Le ministre libanais de l’Information, Manal Abdel Samad, a annoncé sa démission dimanche via un tweet du ministère libanais de l’Information.

«Je m’excuse auprès des Libanais parce que nous n’avons pas été en mesure de répondre à leurs aspirations. Le changement est resté insaisissable, et comme la réalité ne correspondait pas aux ambitions, et après l’horreur de la catastrophe de Beyrouth, je soumets ma démission du gouvernement», a déclaré Abdel Samad dans une déclaration, selon l’Agence nationale de presse (NNA).

Abdel Samad faisait partie d’un nouveau cabinet nommé en janvier après la démission du gouvernement précédent à la suite de manifestations de masse l’année dernière.

Les responsables de la sécurité sont confrontés à des questions

Des milliers de tonnes de nitrate d’ammonium sont liées à l’explosion catastrophique du port de Beyrouth. Plusieurs agences gouvernementales au Liban ont été à plusieurs reprises mises en garde contre la substance, décrite par un analyste comme une “bombe flottante”, a appris CNN.

Le juge libanais Ghassan El-Khoury reprendra lundi les auditions des chefs des services de sécurité pour examiner les informations techniques sur les circonstances de l’explosion, a rapporté dimanche l’ANI.

La police militaire continue d’interroger les responsables de la sécurité dans le port de Beyrouth dans le cadre des enquêtes sur l’explosion, sous la supervision du parquet, selon NNA.

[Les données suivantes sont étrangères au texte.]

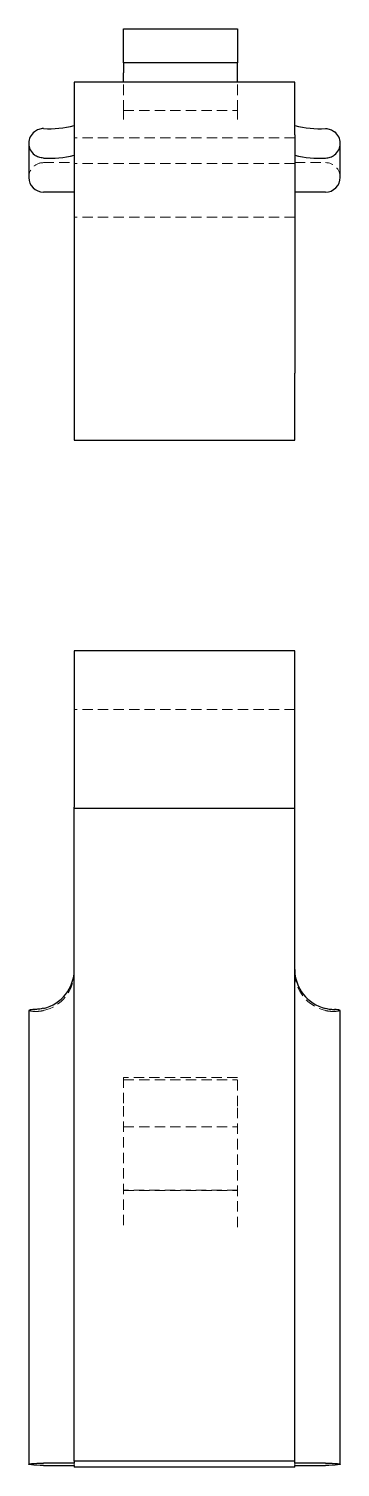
# Model space of a CAD drawing. Header units: millimetres. Extents: x 64 to 248, y 7 to 183.
# Drawn here: x 63.9 to 102.1, y 7 to 183.2 of the extents above.
import ezdxf

# ---------------------------------------------------------------- set-up
doc = ezdxf.new("R2010")
doc.units = ezdxf.units.MM
doc.linetypes.add('HIDDEN', pattern=[1.905, 1.27, -0.635])

msp = doc.modelspace()

# ---------------------------------------------------------------- linework, layer by layer
at = {"color": 7, "linetype": 'Continuous', "lineweight": 25}
for p, q in [((75.54, 179.02), (75.54, 183.19)), ((75.54, 183.19), (89.48, 183.19)), ((89.48, 183.19), (89.48, 179.02)), ((89.48, 179.02), (75.54, 179.02)), ((75.54, 179.02), (75.54, 177.81)), ((89.48, 177.81), (89.48, 179.02)), ((96.52, 176.64), (69.48, 176.64)), ((69.48, 176.64), (69.48, 170.2)), ((75.54, 176.64), (75.54, 177.81)), ((89.48, 176.64), (89.48, 177.81)), ((96.52, 170.2), (96.52, 176.64)), ((63.91, 169.16), (63.91, 164.99)), ((69.48, 170.2), (69.48, 141.02)), ((96.52, 170.2), (96.52, 141.02)), ((102.09, 164.99), (102.09, 169.16)), ((69.48, 163.18), (65.72, 163.18)), ((100.28, 163.18), (96.52, 163.18)), ((69.48, 141.02), (69.48, 133.55)), ((96.52, 133.55), (96.52, 141.02)), ((69.48, 133.55), (69.48, 132.82)), ((69.48, 132.82), (69.48, 132.81)), ((69.48, 132.81), (96.52, 132.81)), ((96.52, 132.82), (96.52, 133.55)), ((96.52, 132.81), (96.52, 132.82)), ((96.52, 107), (69.48, 107)), ((69.48, 107), (69.48, 100.55)), ((96.52, 100.55), (96.52, 107)), ((69.48, 100.55), (69.48, 90.83)), ((96.52, 90.83), (96.52, 100.55)), ((69.48, 90.83), (69.48, 87.84)), ((96.52, 87.84), (96.52, 90.83)), ((69.48, 87.73), (69.48, 87.84)), ((69.48, 87.73), (96.52, 87.73)), ((69.48, 87.73), (69.48, 87.73)), ((69.48, 7.73), (69.48, 87.73)), ((96.52, 87.73), (96.52, 87.84)), ((96.52, 87.73), (96.52, 87.73)), ((96.52, 7.73), (96.52, 87.73)), ((63.91, 62.95), (63.91, 7.36)), ((102.09, 7.36), (102.09, 62.95)), ((69.48, 7.5), (65.72, 7.5)), ((65.72, 7.23), (69.48, 7.23)), ((96.52, 7.73), (69.48, 7.73)), ((69.48, 7.73), (69.48, 7.5)), ((69.48, 7.23), (69.48, 7)), ((96.52, 7.5), (96.52, 7.73)), ((100.28, 7.5), (96.52, 7.5)), ((96.52, 7.23), (100.28, 7.23)), ((96.52, 7), (96.52, 7.23)), ((96.52, 7), (69.48, 7))]:
    msp.add_line(p, q, dxfattribs=at)
at = {"color": 7, "linetype": 'HIDDEN', "lineweight": 18}
for p, q in [((75.54, 173.17), (75.54, 176.64)), ((89.48, 173.17), (89.48, 176.64)), ((75.54, 173.17), (75.54, 172.06)), ((75.54, 173.16), (89.48, 173.16)), ((89.48, 172.06), (89.48, 173.17)), ((96.52, 169.85), (69.48, 169.85)), ((65.72, 166.79), (69.48, 166.79)), ((96.52, 166.7), (69.48, 166.7)), ((96.52, 166.79), (100.28, 166.79)), ((96.52, 160.12), (69.48, 160.12)), ((96.52, 99.83), (69.48, 99.83)), ((89.48, 54.75), (75.54, 54.75)), ((75.54, 54.75), (75.54, 51.24)), ((89.48, 51.24), (89.48, 54.75)), ((75.54, 54.44), (89.48, 54.44)), ((75.54, 51.24), (75.54, 36.41)), ((89.48, 36.41), (89.48, 51.24)), ((75.54, 48.69), (89.48, 48.69)), ((89.48, 40.92), (75.54, 40.92)), ((75.54, 40.9), (89.48, 40.9)), ((69.48, 7.23), (69.48, 7.5)), ((96.52, 7.23), (96.52, 7.5))]:
    msp.add_line(p, q, dxfattribs=at)
at = {"color": 7, "linetype": 'Continuous', "lineweight": 25, "flags": 128}
for points in [[(65.72, 7.23), (65.29, 7.23), (64.88, 7.24), (64.52, 7.26), (64.23, 7.29), (64.03, 7.32), (63.92, 7.35), (63.92, 7.38), (64.03, 7.41), (64.23, 7.44), (64.52, 7.47), (64.88, 7.48), (65.29, 7.5), (65.72, 7.5)], [(100.28, 7.5), (100.71, 7.5), (101.12, 7.48), (101.48, 7.47), (101.77, 7.44), (101.97, 7.41), (102.08, 7.38), (102.08, 7.35), (101.97, 7.32), (101.77, 7.29), (101.48, 7.26), (101.12, 7.24), (100.71, 7.23), (100.28, 7.23)]]:
    msp.add_lwpolyline(points, dxfattribs=at)
at = {"color": 7, "linetype": 'Continuous', "lineweight": 25}
for centre, radius, start, end in [((66.46, 183.21), 12.26, 266.5244, 284.2592), ((99.54, 183.21), 12.26, 255.7408, 273.4756), ((65.71, 169.16), 1.8, 127.8617, 232.1383), ((100.29, 169.16), 1.8, 307.8617, 52.1383), ((66.46, 179.59), 12.26, 266.5244, 284.2592), ((99.54, 179.59), 12.26, 255.7408, 273.4756), ((65.72, 164.99), 1.81, 180.0868, 270.0739), ((100.28, 164.99), 1.81, 269.9008, 359.9385), ((64.62, 67.95), 4.87, 283.1155, 359.941), ((101.38, 67.95), 4.87, 180.059, 256.8845), ((64.5, 61.4), 1.66, 86.4701, 110.9581), ((101.5, 61.4), 1.66, 69.0419, 93.5299)]:
    msp.add_arc(centre, radius, start, end, dxfattribs=at)
at = {"color": 7, "linetype": 'HIDDEN', "lineweight": 18}
for centre, radius, start, end in [((65.72, 164.98), 1.81, 89.9008, 179.9385), ((100.28, 164.98), 1.81, 0.0868, 90.0739), ((64.62, 67.68), 4.87, 283.1155, 359.941), ((101.38, 67.68), 4.87, 180.059, 256.8845), ((64.5, 64.5), 1.66, 249.0419, 273.5299), ((101.5, 64.5), 1.66, 266.4701, 290.9581)]:
    msp.add_arc(centre, radius, start, end, dxfattribs=at)
at = {"color": 7, "linetype": 'Continuous', "lineweight": 25}
for points in [[(65.72, 170.97), (65.52, 170.97), (65.33, 170.93), (64.94, 170.8), (64.77, 170.7), (64.61, 170.58)], [(100.28, 170.97), (100.48, 170.97), (100.67, 170.93), (101.06, 170.8), (101.23, 170.7), (101.39, 170.58)], [(65.72, 167.36), (65.52, 167.36), (65.33, 167.38), (64.94, 167.51), (64.77, 167.61), (64.61, 167.73)], [(100.28, 167.36), (100.48, 167.36), (100.67, 167.38), (101.06, 167.51), (101.23, 167.61), (101.39, 167.73)], [(65.72, 63.21), (65.52, 63.17), (65.33, 63.13), (64.94, 63.08), (64.77, 63.06), (64.61, 63.05)], [(100.28, 63.21), (100.48, 63.17), (100.67, 63.13), (101.06, 63.08), (101.23, 63.06), (101.39, 63.05)]]:
    msp.add_open_spline(points, degree=3, knots=[0, 0, 0, 0, 0.5, 0.5, 1, 1, 1, 1], dxfattribs=at)
at = {"color": 7, "linetype": 'HIDDEN', "lineweight": 18}
for points in [[(65.72, 62.94), (65.52, 62.89), (65.33, 62.86), (64.94, 62.83), (64.77, 62.83), (64.61, 62.84)], [(100.28, 62.94), (100.48, 62.89), (100.67, 62.86), (101.06, 62.83), (101.23, 62.83), (101.39, 62.84)]]:
    msp.add_open_spline(points, degree=3, knots=[0, 0, 0, 0, 0.5, 0.5, 1, 1, 1, 1], dxfattribs=at)

doc.saveas('drawing.dxf')
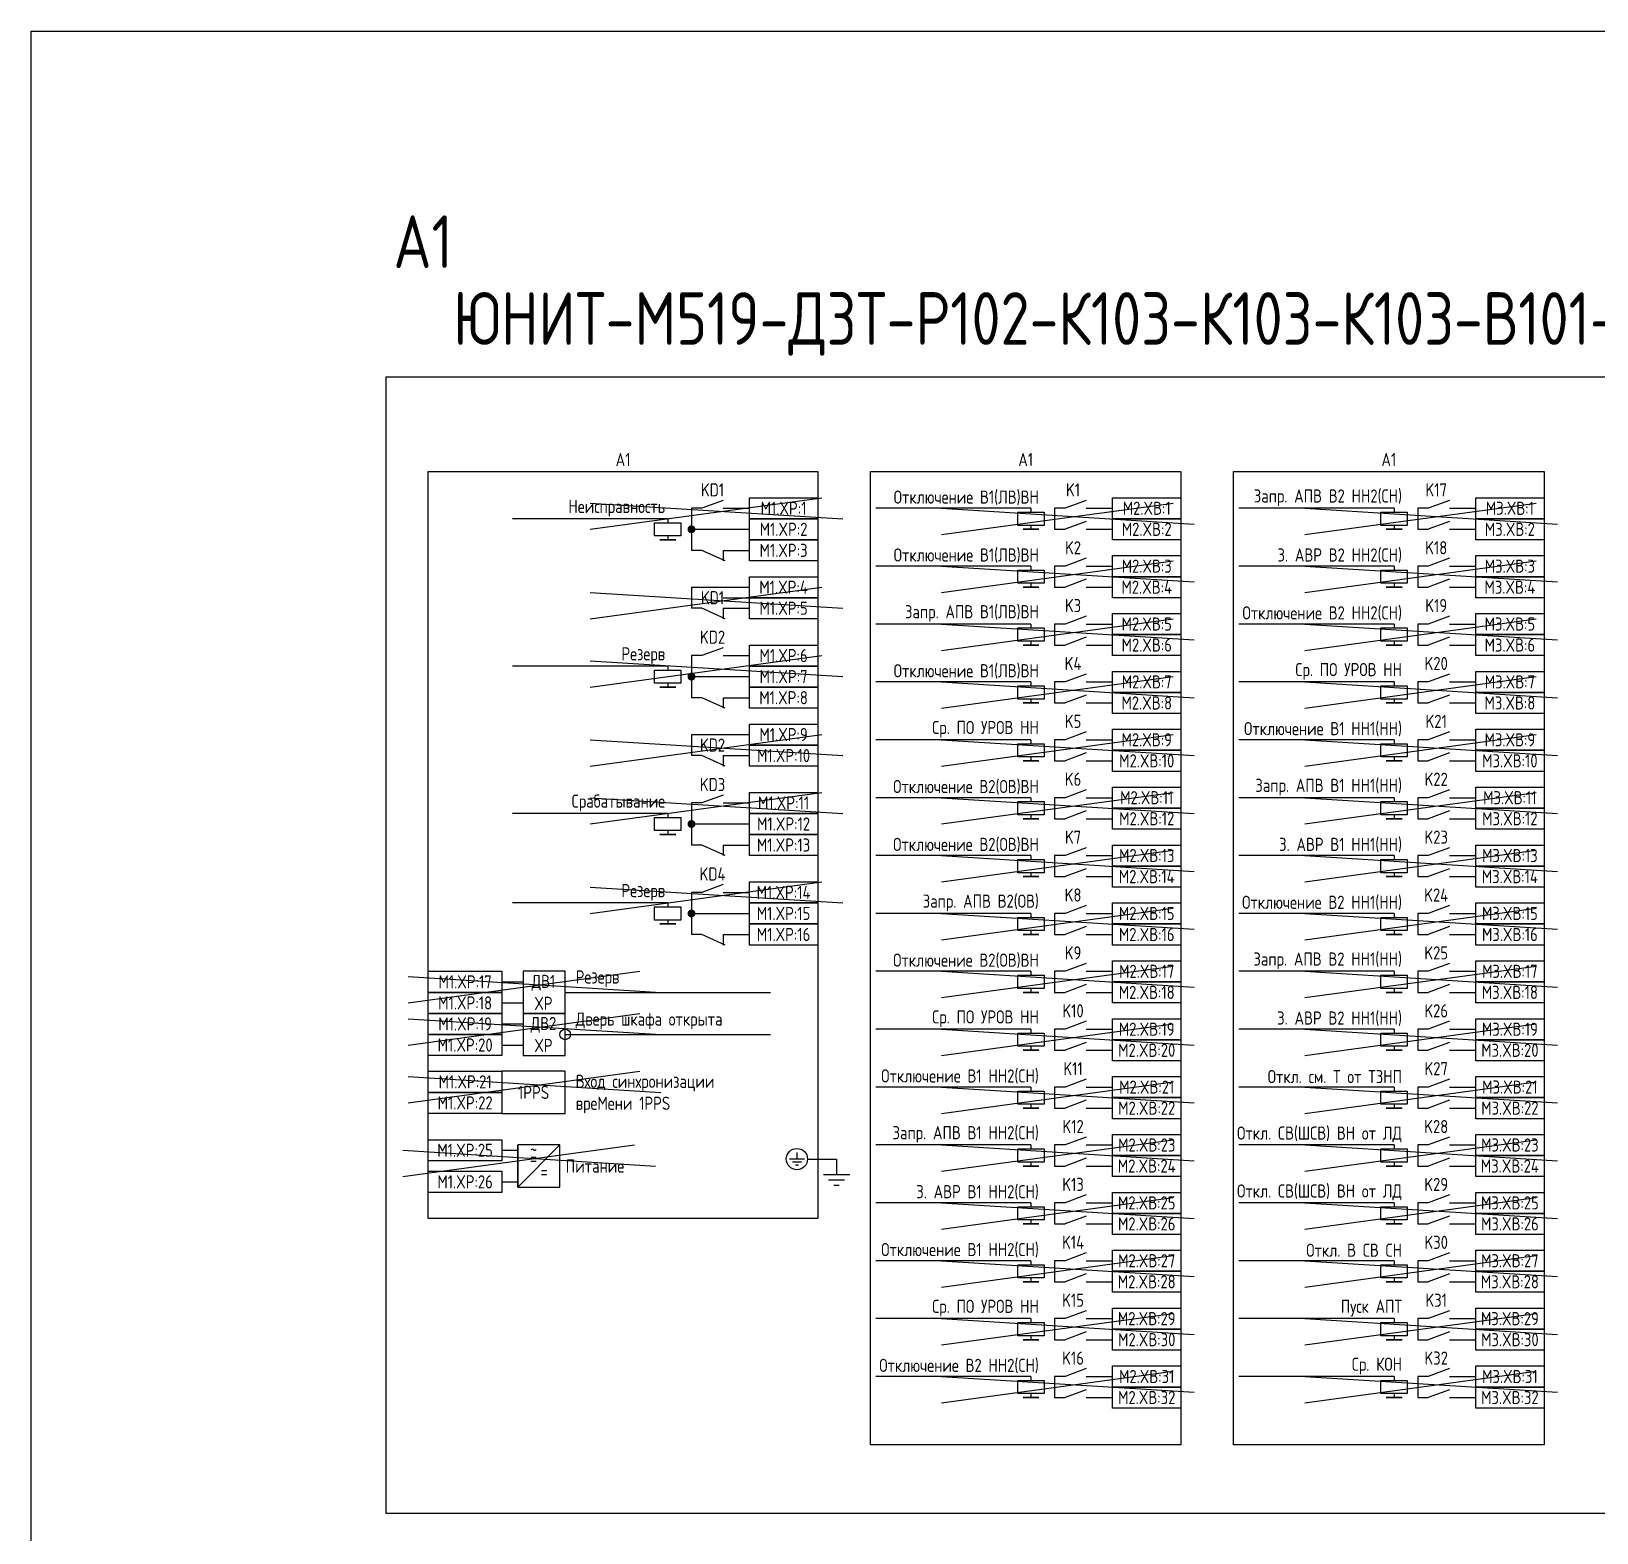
# Model space of a CAD drawing. Header units: millimetres. Extents: x -1117 to 5846, y -90 to 586.
# Drawn here: x -1117.4 to -820, y 300.7 to 586 of the extents above; entities that cross this region are included whole.
import ezdxf

# ---------------------------------------------------------------- set-up
doc = ezdxf.new("R2010")
doc.units = ezdxf.units.MM
doc.styles.add('Gost_type_A', font='GOST_0.TTF')

# ---------------------------------------------------------------- blocks, each defined once
blk = doc.blocks.new('POINT')
at = {"const_width": 0.75}
blk.add_lwpolyline([(-0.375, 0, 1), (0.375, 0, 1)], format="xyb", close=True, dxfattribs=at)

msp = doc.modelspace()

# ---------------------------------------------------------------- linework, layer by layer
at = {"color": 6}
for p, q in [((-1011.25, 491.36), (-967.25, 497.36)), ((-1011.25, 496.36), (-963.25, 493.36)), ((-944.47, 490.36), (-900.47, 496.36)), ((-944.47, 495.36), (-896.47, 492.36)), ((-875.47, 490.36), (-831.47, 496.36)), ((-875.47, 495.36), (-827.47, 492.36)), ((-944.47, 479.36), (-900.47, 485.36)), ((-875.47, 479.36), (-831.47, 485.36)), ((-944.47, 484.36), (-896.47, 481.36)), ((-875.47, 484.36), (-827.47, 481.36)), ((-1011.25, 474.36), (-967.25, 480.36)), ((-1011.25, 479.36), (-963.25, 476.36)), ((-944.47, 468.36), (-900.47, 474.36)), ((-944.47, 473.36), (-896.47, 470.36)), ((-875.47, 468.36), (-831.47, 474.36)), ((-875.47, 473.36), (-827.47, 470.36)), ((-944.47, 457.36), (-900.47, 463.36)), ((-944.47, 462.36), (-896.47, 459.36)), ((-875.47, 457.36), (-831.47, 463.36)), ((-875.47, 462.36), (-827.47, 459.36)), ((-944.47, 446.36), (-900.47, 452.36)), ((-875.47, 446.36), (-831.47, 452.36)), ((-944.47, 451.36), (-896.47, 448.36)), ((-875.47, 451.36), (-827.47, 448.36)), ((-1011.25, 435.36), (-967.25, 441.36)), ((-1011.25, 440.36), (-963.25, 437.36)), ((-944.47, 435.36), (-900.47, 441.36)), ((-944.47, 440.36), (-896.47, 437.36)), ((-875.47, 435.36), (-831.47, 441.36)), ((-875.47, 440.36), (-827.47, 437.36)), ((-944.47, 424.36), (-900.47, 430.36)), ((-944.47, 429.36), (-896.47, 426.36)), ((-875.47, 424.36), (-831.47, 430.36)), ((-875.47, 429.36), (-827.47, 426.36)), ((-1011.25, 418.36), (-967.25, 424.36)), ((-1011.25, 423.36), (-963.25, 420.36)), ((-944.47, 413.36), (-900.47, 419.36)), ((-944.47, 418.36), (-896.47, 415.36)), ((-875.47, 413.36), (-831.47, 419.36)), ((-875.47, 418.36), (-827.47, 415.36)), ((-944.47, 402.36), (-900.47, 408.36)), ((-875.47, 402.36), (-831.47, 408.36)), ((-944.47, 407.36), (-896.47, 404.36)), ((-875.47, 407.36), (-827.47, 404.36)), ((-1045.82, 393.36), (-1001.82, 399.36)), ((-1045.82, 398.36), (-997.82, 395.36)), ((-944.47, 391.36), (-900.47, 397.36)), ((-944.47, 396.36), (-896.47, 393.36)), ((-875.47, 391.36), (-831.47, 397.36)), ((-875.47, 396.36), (-827.47, 393.36)), ((-944.47, 380.36), (-900.47, 386.36)), ((-944.47, 385.36), (-896.47, 382.36)), ((-875.47, 380.36), (-831.47, 386.36)), ((-875.47, 385.36), (-827.47, 382.36)), ((-944.47, 369.36), (-900.47, 375.36)), ((-875.47, 369.36), (-831.47, 375.36)), ((-1046.82, 368.36), (-1002.82, 374.36)), ((-1046.82, 373.36), (-998.82, 370.36)), ((-944.47, 374.36), (-896.47, 371.36)), ((-875.47, 374.36), (-827.47, 371.36)), ((-944.47, 358.36), (-900.47, 364.36)), ((-944.47, 363.36), (-896.47, 360.36)), ((-875.47, 358.36), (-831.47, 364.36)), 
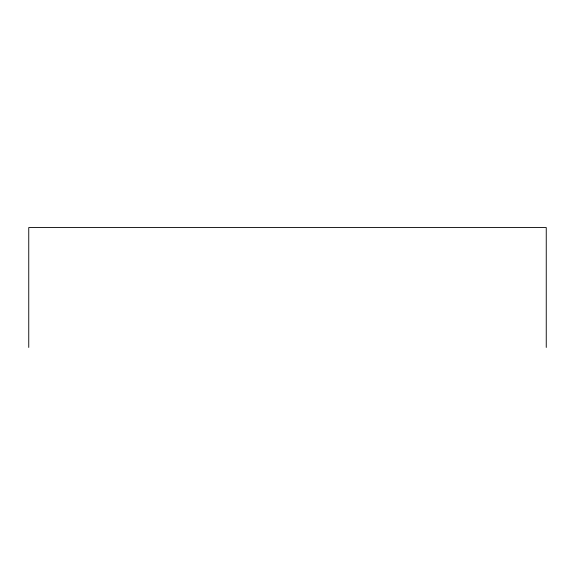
<?xml version="1.0" encoding="UTF-8"?>
<svg xmlns="http://www.w3.org/2000/svg" width="575" height="575" viewBox="0 0 575 575"><rect width="100%" height="100%" fill="white"/><g stroke="black" fill="none" stroke-linecap="round" stroke-linejoin="round"><path stroke-width="0.86" d="M546.25 347.444L546.25 227.556L28.75 227.556L28.75 347.444"/></g></svg>

Les autorités ont arrêté 16 personnes en lien avec l’explosion, dont le directeur général des douanes libanaises, Badri Daher, le chef du port de Beyrouth, Hasan Kraytem et l’ancien chef des douanes Chafic Merei.

Ben Wedeman et Ghazi Balkiz de CNN ont rapporté de Beyrouth et Laura Smith-Spark a écrit de Londres. Tamara Qiblawi, Mostafa Salem, Ali Younis, Jomana Karadsheh, Hamdi Alkhshali, Nada AlTaher et Pierre Bairin de CNN ont contribué à ce rapport, tout comme la journaliste Luna Safwan.